GD-5 finds the minimum of the traversal x rehashing trade-off for writes. Its path is 19% shorter than GD-4 (~52 vs 64 nodes), and each node’s 31 internal operations remain manageable. At GD-6, rehashing costs rise moderately – 283 ms vs 242 ms for GD-5 (+17%) – but reads and mixed workloads still improve. The write-specific inflection point lies between GD-5 and GD-6 (hash/read ratio crosses 1.0), while reads peak at GD-6.

Five Patterns That Hold Across All Group Depths

Pattern 1: State reads dominate. 50–85% of block processing time is spent reading state from disk, regardless of group depth or benchmark type. state_read_ms includes account and code lookups in the unified trie, not just storage slot reads.

Pattern 2: Random access is ~40x more expensive per slot. Keccak-hashed keys (ERC20) cost 0.4–1.0 ms/slot vs 0.02 ms/slot for sequential access (synthetic). The gap is driven by Pebble block cache misses on keccak-scattered keys.

Independent NVMe page-read benchmarks confirm that random vs sequential I/O explains nearly all of this penalty (see Section 7 Hardware Context for details).

Pattern 3: Cache hit rates plateau at ~37–39%. Despite increasing group depth, the storage cache hit rate never exceeds ~39% for keccak-hashed workloads. The 256-bit keyspace is too sparse for meaningful cache reuse beyond shared upper-level trie nodes.

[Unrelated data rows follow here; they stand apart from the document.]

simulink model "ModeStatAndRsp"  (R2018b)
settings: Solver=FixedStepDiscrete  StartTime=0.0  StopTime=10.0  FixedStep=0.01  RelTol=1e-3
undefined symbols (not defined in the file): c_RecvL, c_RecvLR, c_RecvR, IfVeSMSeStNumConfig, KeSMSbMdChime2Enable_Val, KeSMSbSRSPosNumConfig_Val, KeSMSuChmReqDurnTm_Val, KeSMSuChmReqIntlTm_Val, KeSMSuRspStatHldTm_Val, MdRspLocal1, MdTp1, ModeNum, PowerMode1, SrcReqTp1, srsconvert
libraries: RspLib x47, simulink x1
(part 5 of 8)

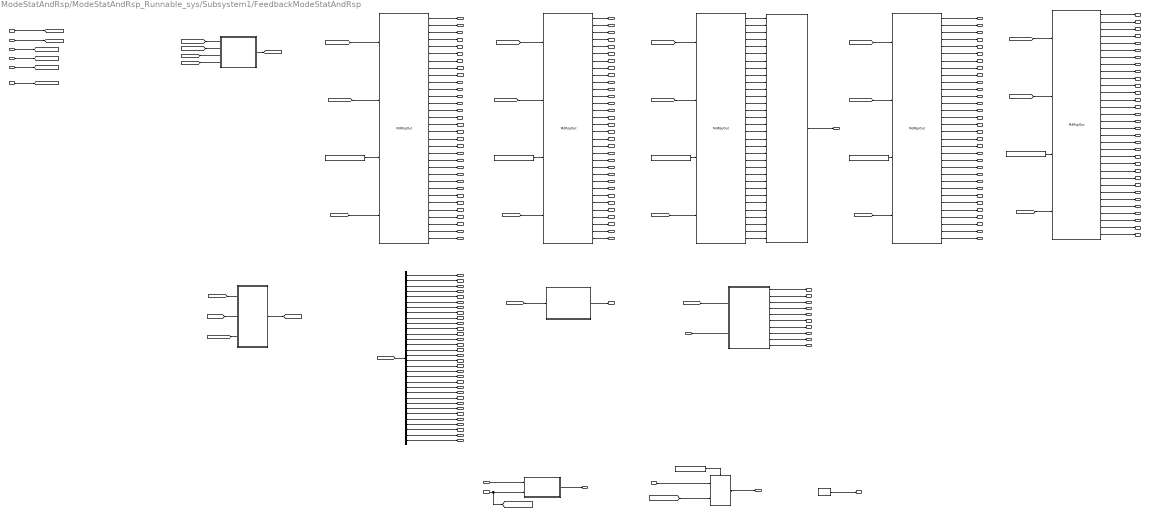
== system ModeStatAndRsp/ModeStatAndRsp_Runnable_sys/Subsystem1/FeedbackModeStatAndRsp ==
  note: REQ_MSM_479
  note: <REQ_MSM_528>
  note: <REQ_MSM_490><REQ_MSM_491>
  note: <REQ_MSM_495>
  note: <REQ_MSM_489>
  note: <REQ_MSM_492><REQ_MSM_493>
  note: <REQ_MSM_492><REQ_MSM_493>
  note: <REQ_MSM_492> <REQ_MSM_493>
  note: 0x3A6
  note: SRSLIN
  note: 0x3A7
  note: <REQ_MSM_270><REQ_MSM_ 405 > <REQ_MSM_ 416 >
  rspStateHldTm : Inport
  PwrMdChked : Inport  Port=2
  ChmMgrStat : Inport  Port=3
  ModeState32 : Inport  Port=4
  ModeStateBus : Inport  Port=5
  isArrivedAtTargetPos : Inport  Port=6
  ModeSrcTp : Inport  Port=7
  ModeRsp : Inport  Port=8
  PosArray_Val_read : Inport  Port=9
  MdExit : Inport  Port=10
  All32in1 : Subsystem
  Bus Selector : BusSelector  OutputSignals=Md1Stat,Md2Stat,Md3Stat,Md4Stat,Md5Stat,Md6Stat,Md7Stat,Md8Stat,Md9Stat,Md10Stat,Md11Stat,Md12Stat,Md13Stat,Md14Stat,Md15Stat,Md16Stat,Md17Stat,Md18Stat,Md19Stat,Md20Stat,Md21Stat,Md22Stat,Md23Stat,Md24Stat,Md25Stat,Md26Stat,Md27Stat,Md28Stat,Md29Stat,Md30Stat,Md31Stat,Md32Stat
  Chime2_3A6 : Subsystem
  Constant : Constant  Value=3  OutDataTypeStr=uint8
  Constant4 : Constant  Value=SrcReqTp1.SrcReqTp_Remote  OutDataTypeStr=Enum:SrcReqTp1
  Constant5 : Constant  Value=SrcReqTp1.SrcReqTp_HMI  OutDataTypeStr=Enum:SrcReqTp1
  Constant6 : Constant  Value=SrcReqTp1.SrcReqTp_SRS  OutDataTypeStr=Enum:SrcReqTp1
  Constant7 : Constant  Value=SrcReqTp1.SrcReqTp_HMI2L  OutDataTypeStr=Enum:SrcReqTp1
  Constant8 : Constant  Value=SrcReqTp1.SrcReqTp_HMI2R  OutDataTypeStr=Enum:SrcReqTp1
  FeedbackPassCmprtHMIDisCmd : Subsystem
  MdRspOut{1..5} (5 alike) : RspLib/MdRspOut  SystemSampleTime=-1
  MdStatComm : Subsystem
  PA_KeSMSbMdChime2Enable_Val : Constant  Value=KeSMSbMdChime2Enable_Val
  RspComm : Subsystem
  StPassCmprtMdCrtMdStat_3A6 : Subsystem
  Subsystem3 : Subsystem
  StPassCmprtMdHMIDisCmd : Outport  VectorParamsAs1DForOutWhenUnconnected=on
  IfVeSMSeStPassCmprtMdNoti2ChmEvntStat_Val_write : Outport  Port=2  VectorParamsAs1DForOutWhenUnconnected=on
  SRSCrtMdIndTyp_67_2_Val_write : Outport  Port=3  VectorParamsAs1DForOutWhenUnconnected=on
  StPassCmprtMdCrtMdStat : Outport  Port=4
  StPassCmprtMd1RclRspStat : Outport  Port=5  VectorParamsAs1DForOutWhenUnconnected=on
  StPassCmprtMd2RclRspStat : Outport  Port=6  VectorParamsAs1DForOutWhenUnconnected=on
  StPassCmprtMd3RclRspStat : Outport  Port=7  VectorParamsAs1DForOutWhenUnconnected=on
  StPassCmprtMd4RclRspStat : Outport  Port=8  VectorParamsAs1DForOutWhenUnconnected=on
  StPassCmprtMd5RclRspStat : Outport  Port=9  VectorParamsAs1DForOutWhenUnconnected=on
  StPassCmprtMd6RclRspStat : Outport  Port=10  VectorParamsAs1DForOutWhenUnconnected=on
  StPassCmprtMd7RclRspStat : Outport  Port=11  VectorParamsAs1DForOutWhenUnconnected=on
  StPassCmprtMd8RclRspStat : Outport  Port=12  VectorParamsAs1DForOutWhenUnconnected=on
  StPassCmprtMd9RclRspStat : Outport  Port=13  VectorParamsAs1DForOutWhenUnconnected=on
  StPassCmprtMd10RclRspStat : Outport  Port=14  VectorParamsAs1DForOutWhenUnconnected=on
  StPassCmprtMd11RclRspStat : Outport  Port=15  VectorParamsAs1DForOutWhenUnconnected=on
  StPassCmprtMd12RclRspStat : Outport  Port=16  VectorParamsAs1DForOutWhenUnconnected=on
  StPassCmprtMd13RclRspStat : Outport  Port=17  VectorParamsAs1DForOutWhenUnconnected=on
  StPassCmprtMd14RclRspStat : Outport  Port=18  VectorParamsAs1DForOutWhenUnconnected=on
  StPassCmprtMd15RclRspStat : Outport  Port=19  VectorParamsAs1DForOutWhenUnconnected=on
  StPassCmprtMd16RclRspStat : Outport  Port=20  VectorParamsAs1DForOutWhenUnconnected=on
  StPassCmprtMd17RclRspStat : Outport  Port=21  VectorParamsAs1DForOutWhenUnconnected=on
  StPassCmprtMd18RclRspStat : Outport  Port=22  VectorParamsAs1DForOutWhenUnconnected=on
  StPassCmprtMd19RclRspStat : Outport  Port=23  VectorParamsAs1DForOutWhenUnconnected=on
  StPassCmprtMd20RclRspStat : Outport  Port=24  VectorParamsAs1DForOutWhenUnconnected=on
  StPassCmprtMd21RclRspStat : Outport  Port=25  VectorParamsAs1DForOutWhenUnconnected=on
  StPassCmprtMd22RclRspStat : Outport  Port=26  VectorParamsAs1DForOutWhenUnconnected=on
  StPassCmprtMd23RclRspStat : Outport  Port=27  VectorParamsAs1DForOutWhenUnconnected=on
  StPassCmprtMd24RclRspStat : Outport  Port=28  VectorParamsAs1DForOutWhenUnconnected=on
  StPassCmprtMd25RclRspStat : Outport  Port=29  VectorParamsAs1DForOutWhenUnconnected=on
  StPassCmprtMd26RclRspStat : Outport  Port=30  VectorParamsAs1DForOutWhenUnconnected=on
  StPassCmprtMd27RclRspStat : Outport  Port=31  VectorParamsAs1DForOutWhenUnconnected=on
  StPassCmprtMd28RclRspStat : Outport  Port=32  VectorParamsAs1DForOutWhenUnconnected=on
  StPassCmprtMd29RclRspStat : Outport  Port=33  VectorParamsAs1DForOutWhenUnconnected=on
  StPassCmprtMd30RclRspStat : Outport  Port=34  VectorParamsAs1DForOutWhenUnconnected=on
  StPassCmprtMd31RclRspStat : Outport  Port=35  VectorParamsAs1DForOutWhenUnconnected=on
  StPassCmprtMd32RclRspStat : Outport  Port=36  VectorParamsAs1DForOutWhenUnconnected=on
  StPassCmprtMd_RfCtrl_Sw_RclRspStat : Outport  Port=37  VectorParamsAs1DForOutWhenUnconnected=on
  StSrv_StMd1_Rsp : Outport  Port=38  VectorParamsAs1DForOutWhenUnconnected=on
  StSrv_StMd2_Rsp : Outport  Port=39  VectorParamsAs1DForOutWhenUnconnected=on
  StSrv_StMd3_Rsp : Outport  Port=40  VectorParamsAs1DForOutWhenUnconnected=on
  StSrv_StMd4_Rsp : Outport  Port=41  VectorParamsAs1DForOutWhenUnconnected=on
  StSrv_StMd5_Rsp : Outport  Port=42  VectorParamsAs1DForOutWhenUnconnected=on
  StSrv_StMd6_Rsp : Outport  Port=43  VectorParamsAs1DForOutWhenUnconnected=on
  StSrv_StMd7_Rsp : Outport  Port=44  VectorParamsAs1DForOutWhenUnconnected=on
  StSrv_StMd8_Rsp : Outport  Port=45  VectorParamsAs1DForOutWhenUnconnected=on
  StSrv_StMd9_Rsp : Outport  Port=46  VectorParamsAs1DForOutWhenUnconnected=on
  StSrv_StMd10_Rsp : Outport  Port=47  VectorParamsAs1DForOutWhenUnconnected=on
  StSrv_StMd11_Rsp : Outport  Port=48  VectorParamsAs1DForOutWhenUnconnected=on
  StSrv_StMd12_Rsp : Outport  Port=49  VectorParamsAs1DForOutWhenUnconnected=on
  StSrv_StMd13_Rsp : Outport  Port=50  VectorParamsAs1DForOutWhenUnconnected=on
  StSrv_StMd14_Rsp : Outport  Port=51  VectorParamsAs1DForOutWhenUnconnected=on
  StSrv_StMd15_Rsp : Outport  Port=52  VectorParamsAs1DForOutWhenUnconnected=on
  StSrv_StMd16_Rsp : Outport  Port=53  VectorParamsAs1DForOutWhenUnconnected=on
  StSrv_StMd17_Rsp : Outport  Port=54  VectorParamsAs1DForOutWhenUnconnected=on
  StSrv_StMd18_Rsp : Outport  Port=55  VectorParamsAs1DForOutWhenUnconnected=on
  StSrv_StMd19_Rsp : Outport  Port=56  VectorParamsAs1DForOutWhenUnconnected=on
  StSrv_StMd20_Rsp : Outport  Port=57  VectorParamsAs1DForOutWhenUnconnected=on
  StSrv_StMd21_Rsp : Outport  Port=58  VectorParamsAs1DForOutWhenUnconnected=on
  StSrv_StMd22_Rsp : Outport  Port=59  VectorParamsAs1DForOutWhenUnconnected=on
  StSrv_StMd23_Rsp : Outport  Port=60  VectorParamsAs1DForOutWhenUnconnected=on
  StSrv_StMd24_Rsp : Outport  Port=61  VectorParamsAs1DForOutWhenUnconnected=on
  StSrv_StMd25_Rsp : Outport  Port=62  VectorParamsAs1DForOutWhenUnconnected=on
  StSrv_StMd26_Rsp : Outport  Port=63  VectorParamsAs1DForOutWhenUnconnected=on
  StSrv_StMd27_Rsp : Outport  Port=64  VectorParamsAs1DForOutWhenUnconnected=on
  StSrv_StMd28_Rsp : Outport  Port=65  VectorParamsAs1DForOutWhenUnconnected=on
  StSrv_StMd29_Rsp : Outport  Port=66  VectorParamsAs1DForOutWhenUnconnected=on
  StSrv_StMd30_Rsp : Outport  Port=67  VectorParamsAs1DForOutWhenUnconnected=on
  StSrv_StMd31_Rsp : Outport  Port=68  VectorParamsAs1DForOutWhenUnconnected=on
  StSrv_StMd32_Rsp : Outport  Port=69  VectorParamsAs1DForOutWhenUnconnected=on
  HMI_2L_StMd1_Rsp : Outport  Port=70  VectorParamsAs1DForOutWhenUnconnected=on
  HMI_2L_StMd2_Rsp : Outport  Port=71  VectorParamsAs1DForOutWhenUnconnected=on
  HMI_2L_StMd3_Rsp : Outport  Port=72  VectorParamsAs1DForOutWhenUnconnected=on
  HMI_2L_StMd4_Rsp : Outport  Port=73  VectorParamsAs1DForOutWhenUnconnected=on
  HMI_2L_StMd5_Rsp : Outport  Port=74  VectorParamsAs1DForOutWhenUnconnected=on
  HMI_2L_StMd6_Rsp : Outport  Port=75  VectorParamsAs1DForOutWhenUnconnected=on
  HMI_2L_StMd7_Rsp : Outport  Port=76  VectorParamsAs1DForOutWhenUnconnected=on
  HMI_2L_StMd8_Rsp : Outport  Port=77  VectorParamsAs1DForOutWhenUnconnected=on
  HMI_2L_StMd9_Rsp : Outport  Port=78  VectorParamsAs1DForOutWhenUnconnected=on
  HMI_2L_StMd10_Rsp : Outport  Port=79  VectorParamsAs1DForOutWhenUnconnected=on
  HMI_2L_StMd11_Rsp : Outport  Port=80  VectorParamsAs1DForOutWhenUnconnected=on
  HMI_2L_StMd12_Rsp : Outport  Port=81  VectorParamsAs1DForOutWhenUnconnected=on
  HMI_2L_StMd13_Rsp : Outport  Port=82  VectorParamsAs1DForOutWhenUnconnected=on
  HMI_2L_StMd14_Rsp : Outport  Port=83  VectorParamsAs1DForOutWhenUnconnected=on
  HMI_2L_StMd15_Rsp : Outport  Port=84  VectorParamsAs1DForOutWhenUnconnected=on
  HMI_2L_StMd16_Rsp : Outport  Port=85  VectorParamsAs1DForOutWhenUnconnected=on
  HMI_2L_StMd17_Rsp : Outport  Port=86  VectorParamsAs1DForOutWhenUnconnected=on
  HMI_2L_StMd18_Rsp : Outport  Port=87  VectorParamsAs1DForOutWhenUnconnected=on
  HMI_2L_StMd19_Rsp : Outport  Port=88  VectorParamsAs1DForOutWhenUnconnected=on
  HMI_2L_StMd20_Rsp : Outport  Port=89  VectorParamsAs1DForOutWhenUnconnected=on
  HMI_2L_StMd21_Rsp : Outport  Port=90  VectorParamsAs1DForOutWhenUnconnected=on
  HMI_2L_StMd22_Rsp : Outport  Port=91  VectorParamsAs1DForOutWhenUnconnected=on
  HMI_2L_StMd23_Rsp : Outport  Port=92  VectorParamsAs1DForOutWhenUnconnected=on
  HMI_2L_StMd24_Rsp : Outport  Port=93  VectorParamsAs1DForOutWhenUnconnected=on
  HMI_2L_StMd25_Rsp : Outport  Port=94  VectorParamsAs1DForOutWhenUnconnected=on
  HMI_2L_StMd26_Rsp : Outport  Port=95  VectorParamsAs1DForOutWhenUnconnected=on
  HMI_2L_StMd27_Rsp : Outport  Port=96  VectorParamsAs1DForOutWhenUnconnected=on
  HMI_2L_StMd28_Rsp : Outport  Port=97  VectorParamsAs1DForOutWhenUnconnected=on
  HMI_2L_StMd29_Rsp : Outport  Port=98  VectorParamsAs1DForOutWhenUnconnected=on
  HMI_2L_StMd30_Rsp : Outport  Port=99  VectorParamsAs1DForOutWhenUnconnected=on
  HMI_2L_StMd31_Rsp : Outport  Port=100  VectorParamsAs1DForOutWhenUnconnected=on
  HMI_2L_StMd32_Rsp : Outport  Port=101  VectorParamsAs1DForOutWhenUnconnected=on
  HMI_2R_StMd1_Rsp : Outport  Port=102  VectorParamsAs1DForOutWhenUnconnected=on
  HMI_2R_StMd2_Rsp : Outport  Port=103  VectorParamsAs1DForOutWhenUnconnected=on
  HMI_2R_StMd3_Rsp : Outport  Port=104  VectorParamsAs1DForOutWhenUnconnected=on
  HMI_2R_StMd4_Rsp : Outport  Port=105  VectorParamsAs1DForOutWhenUnconnected=on
  HMI_2R_StMd5_Rsp : Outport  Port=106  VectorParamsAs1DForOutWhenUnconnected=on
  HMI_2R_StMd6_Rsp : Outport  Port=107  VectorParamsAs1DForOutWhenUnconnected=on
  HMI_2R_StMd7_Rsp : Outport  Port=108  VectorParamsAs1DForOutWhenUnconnected=on
  HMI_2R_StMd8_Rsp : Outport  Port=109  VectorParamsAs1DForOutWhenUnconnected=on
  HMI_2R_StMd9_Rsp : Outport  Port=110  VectorParamsAs1DForOutWhenUnconnected=on
  HMI_2R_StMd10_Rsp : Outport  Port=111  VectorParamsAs1DForOutWhenUnconnected=on
  HMI_2R_StMd11_Rsp : Outport  Port=112  VectorParamsAs1DForOutWhenUnconnected=on
  HMI_2R_StMd12_Rsp : Outport  Port=113  VectorParamsAs1DForOutWhenUnconnected=on
  HMI_2R_StMd13_Rsp : Outport  Port=114  VectorParamsAs1DForOutWhenUnconnected=on
  HMI_2R_StMd14_Rsp : Outport  Port=115  VectorParamsAs1DForOutWhenUnconnected=on
  HMI_2R_StMd15_Rsp : Outport  Port=116  VectorParamsAs1DForOutWhenUnconnected=on
  HMI_2R_StMd16_Rsp : Outport  Port=117  VectorParamsAs1DForOutWhenUnconnected=on
  HMI_2R_StMd17_Rsp : Outport  Port=118  VectorParamsAs1DForOutWhenUnconnected=on
  HMI_2R_StMd18_Rsp : Outport  Port=119  VectorParamsAs1DForOutWhenUnconnected=on
  HMI_2R_StMd19_Rsp : Outport  Port=120  VectorParamsAs1DForOutWhenUnconnected=on
  HMI_2R_StMd20_Rsp : Outport  Port=121  VectorParamsAs1DForOutWhenUnconnected=on
  HMI_2R_StMd21_Rsp : Outport  Port=122  VectorParamsAs1DForOutWhenUnconnected=on
  HMI_2R_StMd22_Rsp : Outport  Port=123  VectorParamsAs1DForOutWhenUnconnected=on
  HMI_2R_StMd23_Rsp : Outport  Port=124  VectorParamsAs1DForOutWhenUnconnected=on
  HMI_2R_StMd24_Rsp : Outport  Port=125  VectorParamsAs1DForOutWhenUnconnected=on
  HMI_2R_StMd25_Rsp : Outport  Port=126  VectorParamsAs1DForOutWhenUnconnected=on
  HMI_2R_StMd26_Rsp : Outport  Port=127  VectorParamsAs1DForOutWhenUnconnected=on
  HMI_2R_StMd27_Rsp : Outport  Port=128  VectorParamsAs1DForOutWhenUnconnected=on
  HMI_2R_StMd28_Rsp : Outport  Port=129  VectorParamsAs1DForOutWhenUnconnected=on
  HMI_2R_StMd29_Rsp : Outport  Port=130  VectorParamsAs1DForOutWhenUnconnected=on
  HMI_2R_StMd30_Rsp : Outport  Port=131  VectorParamsAs1DForOutWhenUnconnected=on
  HMI_2R_StMd31_Rsp : Outport  Port=132  VectorParamsAs1DForOutWhenUnconnected=on
  HMI_2R_StMd32_Rsp : Outport  Port=133  VectorParamsAs1DForOutWhenUnconnected=on
  StPassCmprtMd_Md1_CrtStat : Outport  Port=134
  StPassCmprtMd_Md2_CrtStat : Outport  Port=135
  StPassCmprtMd_Md3_CrtStat : Outport  Port=136
  StPassCmprtMd_Md4_CrtStat : Outport  Port=137
  StPassCmprtMd_Md5_CrtStat : Outport  Port=138
  StPassCmprtMd_Md6_CrtStat : Outport  Port=139
  StPassCmprtMd_Md7_CrtStat : Outport  Port=140
  StPassCmprtMd_Md8_CrtStat : Outport  Port=141
  StPassCmprtMd_Md9_CrtStat : Outport  Port=142
  StPassCmprtMd_Md10_CrtStat : Outport  Port=143
  StPassCmprtMd_Md11_CrtStat : Outport  Port=144
  StPassCmprtMd_Md12_CrtStat : Outport  Port=145
  StPassCmprtMd_Md13_CrtStat : Outport  Port=146
  StPassCmprtMd_Md14_CrtStat : Outport  Port=147
  StPassCmprtMd_Md15_CrtStat : Outport  Port=148
  StPassCmprtMd_Md16_CrtStat : Outport  Port=149
  StPassCmprtMd_Md17_CrtStat : Outport  Port=150
  StPassCmprtMd_Md18_CrtStat : Outport  Port=151
  StPassCmprtMd_Md19_CrtStat : Outport  Port=152
  StPassCmprtMd_Md20_CrtStat : Outport  Port=153
  StPassCmprtMd_Md21_CrtStat : Outport  Port=154
  StPassCmprtMd_Md22_CrtStat : Outport  Port=155
  StPassCmprtMd_Md23_CrtStat : Outport  Port=156
  StPassCmprtMd_Md24_CrtStat : Outport  Port=157
  StPassCmprtMd_Md25_CrtStat : Outport  Port=158
  StPassCmprtMd_Md26_CrtStat : Outport  Port=159
  StPassCmprtMd_Md27_CrtStat : Outport  Port=160
  StPassCmprtMd_Md28_CrtStat : Outport  Port=161
  StPassCmprtMd_Md29_CrtStat : Outport  Port=162
  StPassCmprtMd_Md30_CrtStat : Outport  Port=163
  StPassCmprtMd_Md31_CrtStat : Outport  Port=164
  StPassCmprtMd_Md32_CrtStat : Outport  Port=165
  SRSCrt_MdSw1_Stat_67_2 : Outport  Port=166
  SRSCrt_MdSw2_Stat_67_2 : Outport  Port=167
  SRSCrt_MdSw3_Stat_67_2 : Outport  Port=168
  SRSCrt_MdSw4_Stat_67_2 : Outport  Port=169
  SRSCrt_MdSw5_Stat_67_2 : Outport  Port=170
  SRSCrt_MdSw6_Stat_67_2 : Outport  Port=171
  SRSCrt_MdSw7_Stat_67_2 : Outport  Port=172
  SRSCrt_MdSw8_Stat_67_2 : Outport  Port=173
  SRSCrt_MdSw9_Stat_67_2 : Outport  Port=174
  SRSCrt_MdSw10_Stat_67_2 : Outport  Port=175
  wires:
  rspStateHldTm/1 -> [rspStateHldTm]
  MdRspOut5/1 -> StPassCmprtMd1RclRspStat/1
  StPassCmprtMdCrtMdStat_3A6/1(StPassCmprtMdCrtMdStat) -> StPassCmprtMdCrtMdStat/1
  FeedbackPassCmprtHMIDisCmd/1(StPassCmprtMdHMIDisCmd) -> StPassCmprtMdHMIDisCmd/1
  PwrMdChked/1 -> FeedbackPassCmprtHMIDisCmd/1(powerMode)
  MdRspOut2/6 -> StSrv_StMd6_Rsp/1
  MdRspOut2/7 -> StSrv_StMd7_Rsp/1
  MdRspOut2/8 -> StSrv_StMd8_Rsp/1
  MdRspOut2/4 -> StSrv_StMd4_Rsp/1
  MdRspOut2/5 -> StSrv_StMd5_Rsp/1
  MdRspOut2/1 -> StSrv_StMd1_Rsp/1
  MdRspOut2/2 -> StSrv_StMd2_Rsp/1
  MdRspOut2/3 -> StSrv_StMd3_Rsp/1
  Constant4/1 -> MdRspOut2/3
  Chime2_3A6/1(Out1) -> IfVeSMSeStPassCmprtMdNoti2ChmEvntStat_Val_write/1
  ChmMgrStat/1 -> Chime2_3A6/1(ChmMgrStat)
  Constant/1 -> SRSCrtMdIndTyp_67_2_Val_write/1
  ModeSrcTp/1 -> [ModeSrcTp]
  ModeRsp/1 -> [ModeRsp]
  ModeStateBus/1 -> [ModeStateBus]
  [MdRsp] -> MdRspOut2/1
  [ModeSrcTp] -> MdRspOut2/2
  [ModeSrcTp] -> MdRspOut5/2
  [MdRsp] -> MdRspOut5/1
  ModeState32/1 -> [ModeState32], FeedbackPassCmprtHMIDisCmd/2(ModeState32)
  [ModeState32] -> Chime2_3A6/2(ModeState32)
  [ModeStateBus] -> RspComm/1(oModeStateBus)
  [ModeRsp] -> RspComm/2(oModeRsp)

Pattern 4: Trie updates are negligible for reads, dominant for writes. balanceOf (pure reads): trie_updates \lt 1.3 ms. approve (reads + writes): trie_updates up to 691 ms (GD-1). This asymmetry means the node-width trade-off only matters for write workloads.

Pattern 5: Run-to-run CV mostly \lt 10% on Mgas/s. Phase 3 verified cold-cache drops (120+ successful, 0 failures) produce reproducible results across all eight configurations. The improvement from earlier phases validates the cold-cache methodology.

Open Questions

Pebble block size interaction. All tests used 4KB blocks. NVMe page-read benchmarks show that random 16KB reads achieve 2.3x the throughput of 4KB reads (174 vs 77 MB/s) with only 1.8x the latency (89.7 vs 50.6 µs). Larger Pebble blocks could significantly benefit wider group depths whose serialized nodes exceed 4KB.
Concurrent block processing. These benchmarks process blocks sequentially. Parallel execution engines might amortize trie updates across cores, reducing the per-node rehashing penalty of wider group depths. NVMe queue depth benchmarks show that QD=8 improves random 4KB throughput 8.7x over QD=1 (673 vs 77 MB/s). If parallel execution increases effective I/O queue depth, read latency differences between group depths may compress significantly.

Benchmarks run on the Ethereum execution-specs framework. Methodology, raw data, and reproducibility scripts available in the execution-specs repository.